The PR segment elevation and depression

The PR segment is not affected in STEMI, whereas acute pericarditis often causes PR segment depression. Such depressions occur in most leads, except from lead V1, which often shows PR segment elevation.

Troponin leakage in acute pericarditis

Elevated troponins are common in acute pericarditis. M. Imazio et al (Cardiac troponin I in acute pericarditis; JACC 2003) showed that one third of patients had troponin elevations; in total, 8% had significantly elevated troponin levels. However, there was no association between troponin level and survival.
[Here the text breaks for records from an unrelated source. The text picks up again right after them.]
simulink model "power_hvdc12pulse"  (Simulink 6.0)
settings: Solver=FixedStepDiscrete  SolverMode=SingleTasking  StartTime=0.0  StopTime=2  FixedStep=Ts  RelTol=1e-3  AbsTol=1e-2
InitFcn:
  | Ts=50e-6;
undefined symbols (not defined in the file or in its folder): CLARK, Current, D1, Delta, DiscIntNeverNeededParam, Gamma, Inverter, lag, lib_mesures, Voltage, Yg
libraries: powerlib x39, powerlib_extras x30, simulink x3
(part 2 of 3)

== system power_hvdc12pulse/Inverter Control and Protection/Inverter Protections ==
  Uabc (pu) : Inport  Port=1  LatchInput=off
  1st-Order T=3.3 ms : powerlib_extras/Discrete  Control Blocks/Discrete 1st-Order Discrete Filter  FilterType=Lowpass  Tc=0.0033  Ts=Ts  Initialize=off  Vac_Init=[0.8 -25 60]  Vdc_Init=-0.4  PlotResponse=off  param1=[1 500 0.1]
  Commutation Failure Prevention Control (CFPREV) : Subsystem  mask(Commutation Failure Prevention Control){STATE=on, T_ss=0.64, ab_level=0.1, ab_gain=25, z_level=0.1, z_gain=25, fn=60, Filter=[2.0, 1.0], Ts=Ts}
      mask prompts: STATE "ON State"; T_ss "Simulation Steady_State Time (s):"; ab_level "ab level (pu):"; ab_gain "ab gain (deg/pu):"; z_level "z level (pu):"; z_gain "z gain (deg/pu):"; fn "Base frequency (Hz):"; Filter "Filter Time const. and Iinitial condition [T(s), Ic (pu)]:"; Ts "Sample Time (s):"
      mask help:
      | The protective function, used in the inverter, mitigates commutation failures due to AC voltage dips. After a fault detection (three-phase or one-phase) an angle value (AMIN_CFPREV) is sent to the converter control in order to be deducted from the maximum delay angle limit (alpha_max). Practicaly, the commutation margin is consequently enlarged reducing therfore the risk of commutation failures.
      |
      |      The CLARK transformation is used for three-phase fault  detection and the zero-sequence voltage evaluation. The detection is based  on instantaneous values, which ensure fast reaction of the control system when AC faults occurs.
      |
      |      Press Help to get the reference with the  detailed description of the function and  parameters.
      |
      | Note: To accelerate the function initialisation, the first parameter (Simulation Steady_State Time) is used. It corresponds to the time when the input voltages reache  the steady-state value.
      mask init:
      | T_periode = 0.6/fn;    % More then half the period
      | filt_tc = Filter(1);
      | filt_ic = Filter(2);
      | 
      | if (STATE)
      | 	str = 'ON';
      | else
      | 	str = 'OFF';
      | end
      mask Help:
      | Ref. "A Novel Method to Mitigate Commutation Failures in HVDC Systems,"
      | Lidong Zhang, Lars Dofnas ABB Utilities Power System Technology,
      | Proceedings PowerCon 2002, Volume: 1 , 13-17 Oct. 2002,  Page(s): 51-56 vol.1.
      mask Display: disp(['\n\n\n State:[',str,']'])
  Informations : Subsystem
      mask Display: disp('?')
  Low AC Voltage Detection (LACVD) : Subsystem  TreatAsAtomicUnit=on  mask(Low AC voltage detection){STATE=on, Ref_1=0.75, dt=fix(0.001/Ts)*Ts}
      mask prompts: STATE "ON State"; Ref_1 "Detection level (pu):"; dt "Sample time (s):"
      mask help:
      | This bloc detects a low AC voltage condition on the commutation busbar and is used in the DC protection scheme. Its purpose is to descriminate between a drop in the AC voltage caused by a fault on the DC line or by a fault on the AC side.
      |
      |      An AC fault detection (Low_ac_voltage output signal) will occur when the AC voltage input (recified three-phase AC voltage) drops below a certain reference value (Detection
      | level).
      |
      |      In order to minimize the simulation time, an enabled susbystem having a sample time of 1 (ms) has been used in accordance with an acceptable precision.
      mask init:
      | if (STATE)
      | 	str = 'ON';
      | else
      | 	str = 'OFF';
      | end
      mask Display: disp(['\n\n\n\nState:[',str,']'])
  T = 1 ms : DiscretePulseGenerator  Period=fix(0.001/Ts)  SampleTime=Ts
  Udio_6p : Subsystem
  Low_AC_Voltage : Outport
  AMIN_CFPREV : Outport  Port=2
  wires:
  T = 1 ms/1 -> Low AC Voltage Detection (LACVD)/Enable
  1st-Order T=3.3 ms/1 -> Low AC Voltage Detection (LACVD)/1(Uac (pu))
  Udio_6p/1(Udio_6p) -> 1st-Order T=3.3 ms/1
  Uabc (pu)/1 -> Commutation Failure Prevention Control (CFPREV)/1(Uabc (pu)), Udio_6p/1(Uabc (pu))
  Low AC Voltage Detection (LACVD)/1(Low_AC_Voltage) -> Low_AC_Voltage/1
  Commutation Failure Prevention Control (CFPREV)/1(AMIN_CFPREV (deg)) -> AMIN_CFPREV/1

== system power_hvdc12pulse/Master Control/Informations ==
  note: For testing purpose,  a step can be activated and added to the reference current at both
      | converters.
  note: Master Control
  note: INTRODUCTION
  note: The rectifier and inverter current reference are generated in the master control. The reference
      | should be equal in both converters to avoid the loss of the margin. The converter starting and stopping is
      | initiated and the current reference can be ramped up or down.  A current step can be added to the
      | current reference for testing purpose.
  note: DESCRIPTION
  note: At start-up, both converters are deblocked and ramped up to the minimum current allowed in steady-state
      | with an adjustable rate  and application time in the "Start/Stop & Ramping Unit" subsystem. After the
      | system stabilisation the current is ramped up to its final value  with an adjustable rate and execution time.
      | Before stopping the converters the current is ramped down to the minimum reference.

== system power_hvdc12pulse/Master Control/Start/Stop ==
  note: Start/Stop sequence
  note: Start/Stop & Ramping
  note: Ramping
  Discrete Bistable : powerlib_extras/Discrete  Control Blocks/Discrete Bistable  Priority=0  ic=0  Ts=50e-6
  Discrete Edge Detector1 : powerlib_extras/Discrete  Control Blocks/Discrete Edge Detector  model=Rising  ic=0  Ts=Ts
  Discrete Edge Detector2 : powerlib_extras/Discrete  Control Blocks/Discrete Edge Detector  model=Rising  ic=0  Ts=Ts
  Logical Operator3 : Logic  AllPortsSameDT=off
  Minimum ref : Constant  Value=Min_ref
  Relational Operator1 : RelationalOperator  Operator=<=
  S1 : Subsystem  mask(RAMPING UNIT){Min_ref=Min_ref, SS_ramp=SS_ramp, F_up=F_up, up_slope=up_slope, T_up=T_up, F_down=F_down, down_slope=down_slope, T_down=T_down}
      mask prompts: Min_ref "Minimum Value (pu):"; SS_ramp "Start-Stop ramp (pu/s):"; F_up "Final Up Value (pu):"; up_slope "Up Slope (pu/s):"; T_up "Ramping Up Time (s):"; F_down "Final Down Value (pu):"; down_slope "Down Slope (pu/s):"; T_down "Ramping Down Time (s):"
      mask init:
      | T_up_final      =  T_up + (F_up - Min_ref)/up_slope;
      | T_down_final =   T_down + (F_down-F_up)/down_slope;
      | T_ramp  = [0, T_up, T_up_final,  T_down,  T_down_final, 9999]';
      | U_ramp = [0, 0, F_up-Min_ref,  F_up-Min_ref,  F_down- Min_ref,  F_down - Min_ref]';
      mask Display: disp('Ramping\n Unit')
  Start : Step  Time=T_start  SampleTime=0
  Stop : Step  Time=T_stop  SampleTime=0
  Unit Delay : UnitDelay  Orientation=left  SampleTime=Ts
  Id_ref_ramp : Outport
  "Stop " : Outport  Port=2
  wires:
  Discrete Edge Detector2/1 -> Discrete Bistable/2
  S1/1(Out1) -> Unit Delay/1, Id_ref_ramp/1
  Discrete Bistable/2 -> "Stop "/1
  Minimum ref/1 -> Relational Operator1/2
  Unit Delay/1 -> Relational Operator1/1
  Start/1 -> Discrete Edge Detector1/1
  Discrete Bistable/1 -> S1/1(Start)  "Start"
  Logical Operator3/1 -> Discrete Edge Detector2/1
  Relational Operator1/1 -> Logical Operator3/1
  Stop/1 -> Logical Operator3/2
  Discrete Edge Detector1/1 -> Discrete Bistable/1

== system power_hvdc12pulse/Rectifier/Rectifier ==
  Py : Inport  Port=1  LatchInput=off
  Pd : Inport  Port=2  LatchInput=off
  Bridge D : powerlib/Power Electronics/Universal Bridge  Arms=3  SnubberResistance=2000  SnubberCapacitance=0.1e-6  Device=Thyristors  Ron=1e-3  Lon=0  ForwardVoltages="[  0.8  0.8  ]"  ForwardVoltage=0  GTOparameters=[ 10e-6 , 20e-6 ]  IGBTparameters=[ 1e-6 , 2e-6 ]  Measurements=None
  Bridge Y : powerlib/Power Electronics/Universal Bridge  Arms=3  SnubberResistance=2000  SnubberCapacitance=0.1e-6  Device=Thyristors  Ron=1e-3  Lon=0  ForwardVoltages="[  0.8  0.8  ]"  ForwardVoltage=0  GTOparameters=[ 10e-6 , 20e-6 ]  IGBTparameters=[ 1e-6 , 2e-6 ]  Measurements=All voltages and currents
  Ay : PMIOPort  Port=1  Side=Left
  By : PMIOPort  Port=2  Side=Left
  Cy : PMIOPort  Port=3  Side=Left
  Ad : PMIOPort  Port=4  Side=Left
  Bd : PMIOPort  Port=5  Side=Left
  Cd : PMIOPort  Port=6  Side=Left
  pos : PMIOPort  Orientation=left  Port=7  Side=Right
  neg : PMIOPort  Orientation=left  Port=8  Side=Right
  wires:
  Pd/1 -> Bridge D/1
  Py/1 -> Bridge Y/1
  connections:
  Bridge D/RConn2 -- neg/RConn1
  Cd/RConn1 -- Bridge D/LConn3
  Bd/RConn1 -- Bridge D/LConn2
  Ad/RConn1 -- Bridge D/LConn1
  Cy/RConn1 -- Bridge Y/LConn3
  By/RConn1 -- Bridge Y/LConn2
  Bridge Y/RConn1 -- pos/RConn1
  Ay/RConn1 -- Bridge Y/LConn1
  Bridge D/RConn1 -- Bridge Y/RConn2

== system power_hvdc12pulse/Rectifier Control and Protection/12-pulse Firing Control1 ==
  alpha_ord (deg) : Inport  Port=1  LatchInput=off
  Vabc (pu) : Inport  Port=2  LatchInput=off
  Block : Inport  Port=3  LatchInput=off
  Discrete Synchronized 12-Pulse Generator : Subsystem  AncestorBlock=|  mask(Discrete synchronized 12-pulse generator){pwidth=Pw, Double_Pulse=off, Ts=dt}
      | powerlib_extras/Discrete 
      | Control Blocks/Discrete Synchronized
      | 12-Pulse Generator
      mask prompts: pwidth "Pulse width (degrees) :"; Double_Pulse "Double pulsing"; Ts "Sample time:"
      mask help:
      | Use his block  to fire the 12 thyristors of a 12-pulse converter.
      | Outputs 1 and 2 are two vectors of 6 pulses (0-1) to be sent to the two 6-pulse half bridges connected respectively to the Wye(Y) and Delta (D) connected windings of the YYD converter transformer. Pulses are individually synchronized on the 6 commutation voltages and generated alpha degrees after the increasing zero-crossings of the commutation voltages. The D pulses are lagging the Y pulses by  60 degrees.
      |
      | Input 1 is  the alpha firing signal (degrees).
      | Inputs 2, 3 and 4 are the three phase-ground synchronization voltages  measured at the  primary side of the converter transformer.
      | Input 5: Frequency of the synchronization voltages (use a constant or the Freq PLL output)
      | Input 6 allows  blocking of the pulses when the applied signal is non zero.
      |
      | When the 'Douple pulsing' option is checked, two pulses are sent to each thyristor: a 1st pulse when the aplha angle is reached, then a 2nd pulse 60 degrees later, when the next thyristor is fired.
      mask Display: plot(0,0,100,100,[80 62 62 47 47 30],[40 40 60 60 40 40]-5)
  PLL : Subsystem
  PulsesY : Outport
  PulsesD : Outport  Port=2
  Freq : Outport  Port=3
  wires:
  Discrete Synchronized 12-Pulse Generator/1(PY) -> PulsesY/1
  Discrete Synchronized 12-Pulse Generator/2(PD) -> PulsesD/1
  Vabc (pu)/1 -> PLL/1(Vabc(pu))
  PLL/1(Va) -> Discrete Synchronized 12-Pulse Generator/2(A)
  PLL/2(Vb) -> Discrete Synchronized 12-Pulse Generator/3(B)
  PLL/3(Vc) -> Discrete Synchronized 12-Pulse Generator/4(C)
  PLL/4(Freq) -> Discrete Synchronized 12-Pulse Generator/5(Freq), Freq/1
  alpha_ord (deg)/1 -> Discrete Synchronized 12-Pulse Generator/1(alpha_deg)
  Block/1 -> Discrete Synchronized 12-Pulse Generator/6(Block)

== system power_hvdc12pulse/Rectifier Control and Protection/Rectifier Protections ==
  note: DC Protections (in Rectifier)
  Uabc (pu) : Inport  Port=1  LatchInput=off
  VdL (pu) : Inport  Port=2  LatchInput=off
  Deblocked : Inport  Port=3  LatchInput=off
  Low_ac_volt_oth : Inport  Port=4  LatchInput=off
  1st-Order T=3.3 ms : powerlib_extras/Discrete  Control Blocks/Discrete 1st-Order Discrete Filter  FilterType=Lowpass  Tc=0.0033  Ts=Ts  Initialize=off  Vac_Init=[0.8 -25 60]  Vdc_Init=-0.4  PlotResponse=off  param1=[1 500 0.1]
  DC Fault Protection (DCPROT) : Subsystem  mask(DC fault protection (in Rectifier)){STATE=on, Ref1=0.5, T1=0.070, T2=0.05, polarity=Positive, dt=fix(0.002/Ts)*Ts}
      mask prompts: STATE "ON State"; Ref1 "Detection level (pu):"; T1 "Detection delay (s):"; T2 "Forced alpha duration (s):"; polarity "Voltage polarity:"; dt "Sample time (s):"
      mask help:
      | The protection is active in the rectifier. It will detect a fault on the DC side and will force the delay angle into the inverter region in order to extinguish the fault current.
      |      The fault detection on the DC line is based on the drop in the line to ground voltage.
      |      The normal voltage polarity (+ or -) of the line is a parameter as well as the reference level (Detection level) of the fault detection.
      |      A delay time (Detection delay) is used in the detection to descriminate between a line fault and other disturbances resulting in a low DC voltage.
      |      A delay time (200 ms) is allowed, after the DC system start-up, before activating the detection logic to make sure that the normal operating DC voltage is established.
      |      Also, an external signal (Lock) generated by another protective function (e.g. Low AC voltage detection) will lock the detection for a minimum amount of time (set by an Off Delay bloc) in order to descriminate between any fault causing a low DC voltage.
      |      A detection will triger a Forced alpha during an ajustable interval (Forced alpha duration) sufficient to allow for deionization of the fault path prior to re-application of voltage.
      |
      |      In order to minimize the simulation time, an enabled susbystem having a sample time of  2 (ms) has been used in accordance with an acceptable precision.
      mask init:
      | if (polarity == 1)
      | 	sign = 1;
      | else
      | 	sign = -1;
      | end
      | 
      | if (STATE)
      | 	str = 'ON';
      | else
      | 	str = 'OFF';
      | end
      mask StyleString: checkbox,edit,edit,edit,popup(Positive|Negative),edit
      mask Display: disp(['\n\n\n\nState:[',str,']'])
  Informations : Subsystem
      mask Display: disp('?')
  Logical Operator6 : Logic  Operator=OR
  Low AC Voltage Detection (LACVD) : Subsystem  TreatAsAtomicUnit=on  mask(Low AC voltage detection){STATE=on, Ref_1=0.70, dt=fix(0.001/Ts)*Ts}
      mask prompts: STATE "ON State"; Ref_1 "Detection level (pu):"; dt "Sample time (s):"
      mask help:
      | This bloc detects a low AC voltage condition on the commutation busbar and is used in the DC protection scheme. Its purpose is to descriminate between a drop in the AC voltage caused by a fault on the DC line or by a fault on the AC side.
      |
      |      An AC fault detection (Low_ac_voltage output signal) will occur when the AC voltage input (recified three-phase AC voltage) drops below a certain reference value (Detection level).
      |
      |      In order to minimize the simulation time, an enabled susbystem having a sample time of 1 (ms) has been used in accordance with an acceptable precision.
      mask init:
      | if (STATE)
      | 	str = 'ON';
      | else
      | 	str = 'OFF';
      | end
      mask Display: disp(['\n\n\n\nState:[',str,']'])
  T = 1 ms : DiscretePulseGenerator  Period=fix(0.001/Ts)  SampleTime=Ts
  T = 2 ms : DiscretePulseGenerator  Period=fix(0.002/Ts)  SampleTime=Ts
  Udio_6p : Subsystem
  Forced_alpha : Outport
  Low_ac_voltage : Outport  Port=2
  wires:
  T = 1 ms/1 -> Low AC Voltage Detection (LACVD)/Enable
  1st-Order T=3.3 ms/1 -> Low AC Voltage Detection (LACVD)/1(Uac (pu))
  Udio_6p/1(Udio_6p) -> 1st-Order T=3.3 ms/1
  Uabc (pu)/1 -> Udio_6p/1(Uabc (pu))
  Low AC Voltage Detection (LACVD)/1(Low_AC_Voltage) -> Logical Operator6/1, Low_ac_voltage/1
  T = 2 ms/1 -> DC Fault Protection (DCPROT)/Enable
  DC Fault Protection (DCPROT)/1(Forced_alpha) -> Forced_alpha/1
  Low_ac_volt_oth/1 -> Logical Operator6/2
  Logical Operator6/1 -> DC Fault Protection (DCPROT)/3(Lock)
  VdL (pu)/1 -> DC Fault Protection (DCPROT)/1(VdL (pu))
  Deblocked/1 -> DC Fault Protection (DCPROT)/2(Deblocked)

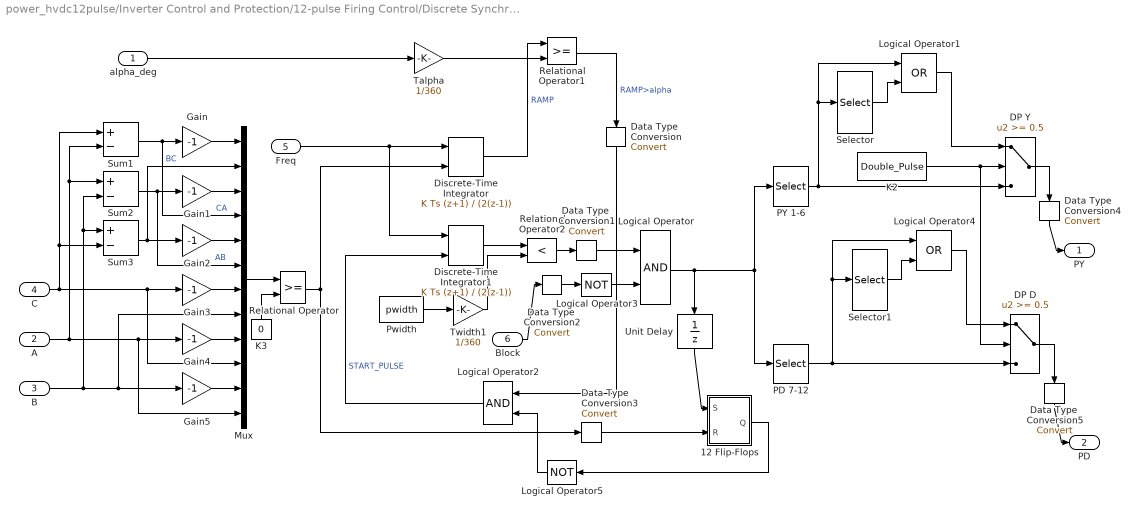
== system power_hvdc12pulse/Inverter Control and Protection/12-pulse Firing Control/Discrete Synchronized 12-Pulse Generator ==
  alpha_deg : Inport  Port=1  LatchInput=off
  A : Inport  Port=2  LatchInput=off
  B : Inport  Port=3  LatchInput=off
  C : Inport  Port=4  LatchInput=off
  Freq : Inport  Port=5  LatchInput=off
  Block : Inport  Port=6  LatchInput=off
  12 Flip-Flops : Subsystem
  DP D : Switch  Threshold=0.5  InputSameDT=on
  DP Y : Switch  Threshold=0.5  InputSameDT=on
  Data Type  Conversion : DataTypeConversion  Orientation=down  OutDataTypeMode=boolean  SaturateOnIntegerOverflow=on  RndMeth=Zero
  Data Type  Conversion1 : DataTypeConversion  OutDataTypeMode=boolean  SaturateOnIntegerOverflow=on  RndMeth=Zero
  Data Type  Conversion2 : DataTypeConversion  OutDataTypeMode=boolean  SaturateOnIntegerOverflow=on  RndMeth=Zero
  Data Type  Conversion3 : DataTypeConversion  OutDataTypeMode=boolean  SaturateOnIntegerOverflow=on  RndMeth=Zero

Below follows an ECG example of a patient with acute pericarditis. Note that the ECG changes are rather subtle.

Figure 3. Chest leads of patient with acute pericarditis. Note the ST segment elevations, concave ST segments.
Figure 3. Chest leads of patient with acute pericarditis. Note the ST segment elevations, concave ST segments.
Figure 4. Limb leads of patient with acute pericarditis. Note the very discrete, but generalized, ST segment elevations, concave ST segments.
Figure 4. Limb leads of patient with acute pericarditis. Note the very discrete, but generalized, ST segment elevations, concave ST segments.